In the natural world, taxonomy is the discipline of naming, sorting, and relating living things. In Project Spore, that same logic shapes how notes are stored, grouped, and rediscovered over time.
Instead of forcing every note into a rigid folder tree, the starter kit encourages a lighter classification system built on tags. A single specimen can belong to several conversations at once: a scientific thread, a reading log, a reflective essay, or a technical reference.
Planting the seeds of order
To classify a note, add tags to its front matter. These tags behave a little like a specimen’s DNA, helping Hugo connect related ideas across the archive, the classification pages, and search.
tags: ["Biology", "Basal Cognition", "Systems Thinking"]
The goal is not to create perfect categories on day one. The goal is to leave enough signals behind that future-you can trace how one thought grows into another.
Building a living index
Project Spore ships with archive, classification, and search pages so these tags are not decorative.
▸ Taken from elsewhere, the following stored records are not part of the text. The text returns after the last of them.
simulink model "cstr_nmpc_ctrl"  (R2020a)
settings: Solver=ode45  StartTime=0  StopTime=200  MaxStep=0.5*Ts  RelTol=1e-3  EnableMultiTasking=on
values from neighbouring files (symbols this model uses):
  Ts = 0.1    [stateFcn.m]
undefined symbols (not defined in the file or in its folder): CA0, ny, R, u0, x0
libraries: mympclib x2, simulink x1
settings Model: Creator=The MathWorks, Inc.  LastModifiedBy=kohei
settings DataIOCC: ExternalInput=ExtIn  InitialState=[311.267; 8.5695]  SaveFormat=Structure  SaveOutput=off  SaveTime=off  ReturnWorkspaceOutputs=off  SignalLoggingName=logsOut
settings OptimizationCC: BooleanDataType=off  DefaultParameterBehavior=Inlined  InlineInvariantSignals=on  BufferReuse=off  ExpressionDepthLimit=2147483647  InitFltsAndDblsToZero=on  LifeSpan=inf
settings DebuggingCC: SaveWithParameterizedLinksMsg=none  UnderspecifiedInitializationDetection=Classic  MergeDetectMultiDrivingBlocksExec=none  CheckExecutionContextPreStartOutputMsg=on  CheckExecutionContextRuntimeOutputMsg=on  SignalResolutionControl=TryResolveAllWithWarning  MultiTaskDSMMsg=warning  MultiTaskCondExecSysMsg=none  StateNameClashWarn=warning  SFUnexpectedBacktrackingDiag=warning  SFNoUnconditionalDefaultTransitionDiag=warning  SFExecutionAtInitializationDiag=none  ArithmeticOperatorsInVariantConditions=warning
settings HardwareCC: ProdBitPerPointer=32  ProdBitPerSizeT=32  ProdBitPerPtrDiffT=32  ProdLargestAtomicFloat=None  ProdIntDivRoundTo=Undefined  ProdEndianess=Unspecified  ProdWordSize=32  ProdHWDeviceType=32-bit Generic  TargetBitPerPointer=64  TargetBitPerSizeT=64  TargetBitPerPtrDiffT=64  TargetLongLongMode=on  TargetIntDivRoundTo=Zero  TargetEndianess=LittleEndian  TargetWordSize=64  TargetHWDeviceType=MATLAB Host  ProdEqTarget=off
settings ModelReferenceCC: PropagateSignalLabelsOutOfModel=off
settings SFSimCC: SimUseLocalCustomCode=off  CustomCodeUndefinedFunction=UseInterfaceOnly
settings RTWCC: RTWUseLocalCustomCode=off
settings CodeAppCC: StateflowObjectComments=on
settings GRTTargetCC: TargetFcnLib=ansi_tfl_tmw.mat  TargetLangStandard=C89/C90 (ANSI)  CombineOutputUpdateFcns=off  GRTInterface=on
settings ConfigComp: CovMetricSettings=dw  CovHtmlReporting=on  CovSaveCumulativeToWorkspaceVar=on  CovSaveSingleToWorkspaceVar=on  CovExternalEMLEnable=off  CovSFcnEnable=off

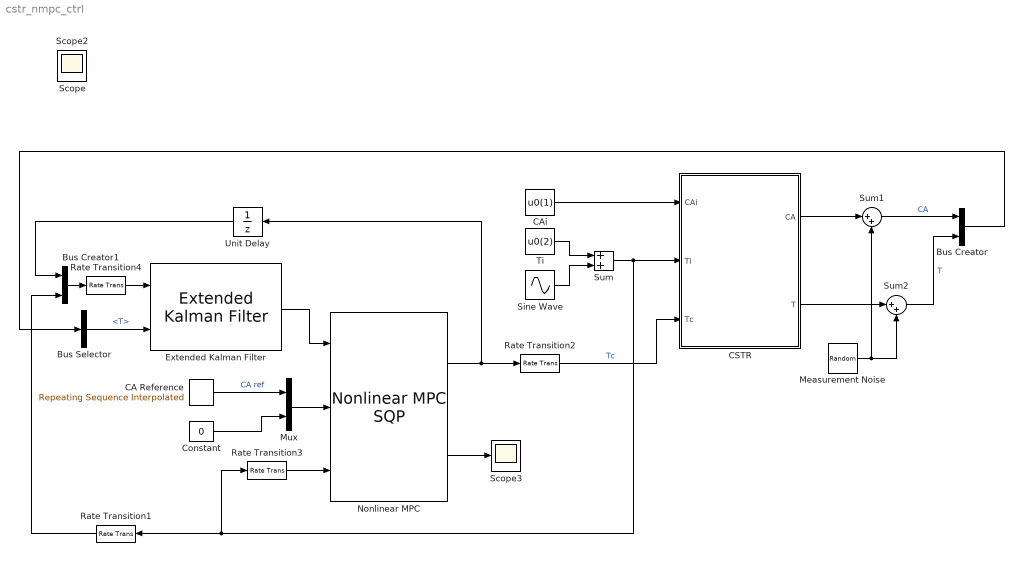
== system cstr_nmpc_ctrl ==
  Bus Creator : BusCreator  Inputs=2
  Bus Creator1 : BusCreator  Inputs=2
  Bus Selector : BusSelector  OutputSignals=T
  CA Reference : simulink/Sources/Repeating Sequence Interpolated  OutValues=[CA0,CA0, 2, 2]  TimeValues="[0 50  150 200]"  LookUpMeth=Interpolation-Use End Values  tsamp=Ts  OutMin=[]  OutMax=[]  OutDataTypeStr=double  OutputDataTypeScalingMode=double  OutDataType=fixdt(0,8)  OutScaling=2^-10
  CAi : Constant  Value=u0(1)
  CSTR : Subsystem
  Constant : Constant  Value=0
  Extended Kalman Filter : mympclib/Extended Kalman Filter  stateFunction='f'  jacobianStateFunction='A'  measurementFunction='h'  jacobianMeasurmentFunction='C'  Bv=Bv  Q=Q  R=R  xhat0=xhat0  P0=P0  Ts=Ts  numState=nx  numOutput=ny-1  enableP=off  enableG=off
      settings: SourceProductName=My MPC Library
  Measurement Noise : RandomNumber  Variance=0.001  SampleTime=Ts
  Mux : Mux  Inputs=2
  Nonlinear MPC : mympclib/Nonlinear MPC SQP  params=params  ny=ny  nu=nu  Ts=Ts  enableDist=on  nd=nd  enableSlack=off  enableStatus=on
      settings: SourceProductName=My MPC Library
  Rate Transition1 : RateTransition  InitialCondition=u0(2)
  Rate Transition2 : RateTransition  InitialCondition=u0(3)
  Rate Transition3 : RateTransition  InitialCondition=u0(2)
  Rate Transition4 : RateTransition  InitialCondition=[u0(3);u0(2)]
  Scope3 : Scope
  Sine Wave : Sin  Frequency=0.1  SampleTime=0
  Sum : Sum
  Sum1 : Sum  Inputs=|++
  Sum2 : Sum  Inputs=|++
  Ti : Constant  Value=u0(2)
  Unit Delay : UnitDelay  InitialCondition=u0(3)  SampleTime=-1  HasFrameUpgradeWarning=on
  Scope : Scope
  Scope2 : Scope
  wires:
  CAi/1 -> CSTR/1(CAi)
  Ti/1 -> Sum/1
  Sine Wave/1 -> Sum/2
  CSTR/2(T) -> Sum2/1
  CSTR/1(CA) -> Sum1/1
  Measurement Noise/1 -> Sum2/2, Sum1/2
  Nonlinear MPC/1 -> Unit Delay/1, Rate Transition2/1
  Sum/1 -> CSTR/2(Ti), Rate Transition1/1, Rate Transition3/1
  Rate Transition2/1 -> CSTR/3(Tc)  "Tc"
  CA Reference/1 -> Mux/1  "CA ref"
  Constant/1 -> Mux/2
  Sum1/1 -> Bus Creator/1  "CA"
  Sum2/1 -> Bus Creator/2  "T"
  Extended Kalman Filter/1 -> Nonlinear MPC/1
  Mux/1 -> Nonlinear MPC/2
  Rate Transition3/1 -> Nonlinear MPC/3
  Nonlinear MPC/2 -> Scope3/1
  Bus Selector/1 -> Extended Kalman Filter/2  "<T>"
  Bus Creator/1 -> Bus Selector/1
  Bus Creator1/1 -> Rate Transition4/1
  Rate Transition4/1 -> Extended Kalman Filter/1
  Unit Delay/1 -> Bus Creator1/1
  Rate Transition1/1 -> Bus Creator1/2

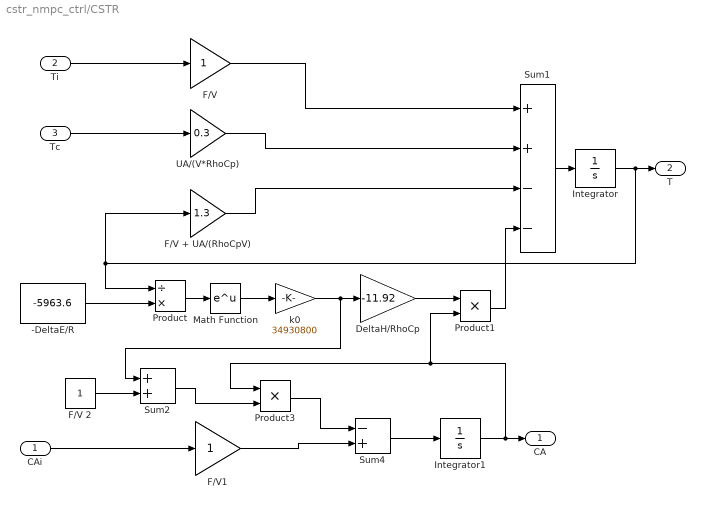
== system cstr_nmpc_ctrl/CSTR ==
  CAi : Inport
  Ti : Inport  Port=2
  Tc : Inport  Port=3
  -DeltaE/R : Constant  Value=-5963.6
  DeltaH/RhoCp : Gain  Gain=-11.92  SaturateOnIntegerOverflow=on  OutDataTypeStr=Inherit: Same as input  ParamDataTypeStr=Inherit: Same as input
  F/V : Gain  SaturateOnIntegerOverflow=on  OutDataTypeStr=Inherit: Same as input  ParamDataTypeStr=Inherit: Same as input
  F/V + UA/(RhoCpV) : Gain  Gain=1.3  SaturateOnIntegerOverflow=on  OutDataTypeStr=Inherit: Same as input  ParamDataTypeStr=Inherit: Same as input
  F/V 2 : Constant
  F/V1 : Gain  SaturateOnIntegerOverflow=on  OutDataTypeStr=Inherit: Same as input  ParamDataTypeStr=Inherit: Same as input
  Integrator : Integrator  InitialCondition=x0(2)  LimitOutput=on  LowerSaturationLimit=0
  Integrator1 : Integrator  InitialCondition=x0(1)  LimitOutput=on  LowerSaturationLimit=0
  Math Function : Math  SignedPower=on  SaturateOnIntegerOverflow=on
  Product : Product  Inputs=/*  InputSameDT=on  RndMeth=Zero  SaturateOnIntegerOverflow=on  OutDataTypeStr=Inherit: Same as first input
  Product1 : Product  InputSameDT=on  RndMeth=Zero  SaturateOnIntegerOverflow=on  OutDataTypeStr=Inherit: Same as first input
  Product3 : Product  InputSameDT=on  RndMeth=Zero  SaturateOnIntegerOverflow=on  OutDataTypeStr=Inherit: Same as first input
  Sum1 : Sum  Inputs=++--  InputSameDT=on  SaturateOnIntegerOverflow=on  OutDataTypeStr=Inherit: Same as first input
  Sum2 : Sum  InputSameDT=on  SaturateOnIntegerOverflow=on  OutDataTypeStr=Inherit: Same as first input
  Sum4 : Sum  Inputs=-+  InputSameDT=on  SaturateOnIntegerOverflow=on  OutDataTypeStr=Inherit: Same as first input
  UA/(V*RhoCp) : Gain  Gain=0.3  SaturateOnIntegerOverflow=on  OutDataTypeStr=Inherit: Same as input  ParamDataTypeStr=Inherit: Same as input
  k0 : Gain  Gain=34930800  SaturateOnIntegerOverflow=on  OutDataTypeStr=Inherit: Same as input  ParamDataTypeStr=Inherit: Same as input
  CA : Outport
  T : Outport  Port=2
  wires:
  Sum2/1 -> Product3/2
  Tc/1 -> UA/(V*RhoCp)/1
  CAi/1 -> F/V1/1
  Ti/1 -> F/V/1
  F/V1/1 -> Sum4/2
  F/V 2/1 -> Sum2/2
  Integrator1/1 -> CA/1, Product3/1, Product1/2
  Sum4/1 -> Integrator1/1
  Product3/1 -> Sum4/1
  -DeltaE/R/1 -> Product/2
  k0/1 -> Sum2/1, DeltaH/RhoCp/1
  Product1/1 -> Sum1/4
  DeltaH/RhoCp/1 -> Product1/1
  Math Function/1 -> k0/1
  Product/1 -> Math Function/1
  F/V + UA/(RhoCpV)/1 -> Sum1/3
  UA/(V*RhoCp)/1 -> Sum1/2
  Integrator/1 -> T/1, F/V + UA/(RhoCpV)/1, Product/1
  Sum1/1 -> Integrator/1
  F/V/1 -> Sum1/1

They become part of the structure of the garden:
- Archive pages preserve chronology.
- Tag pages reveal clusters of related thinking.
- Search helps you recover fragments you forgot you had written down.
Used together, these layers create a knowledge system that feels organic rather than bureaucratic.
A practical tagging approach
A simple rule of thumb works well:
- Use one or two subject tags for what the note is about.
- Use one process tag for how the note functions.
- Reuse existing tags before inventing new ones.
For example, a note on fungal intelligence might carry Biology, Systems Thinking, and Reading Notes. That is usually enough context to keep the garden legible without overcataloguing every page.
Why this matters
The charm of a digital garden is not just visual. It is structural. A thoughtful knowledge archive helps readers move through ideas with curiosity rather than friction.
Project Spore uses taxonomy to support that experience quietly, in the background, so the writing can still feel human and warm.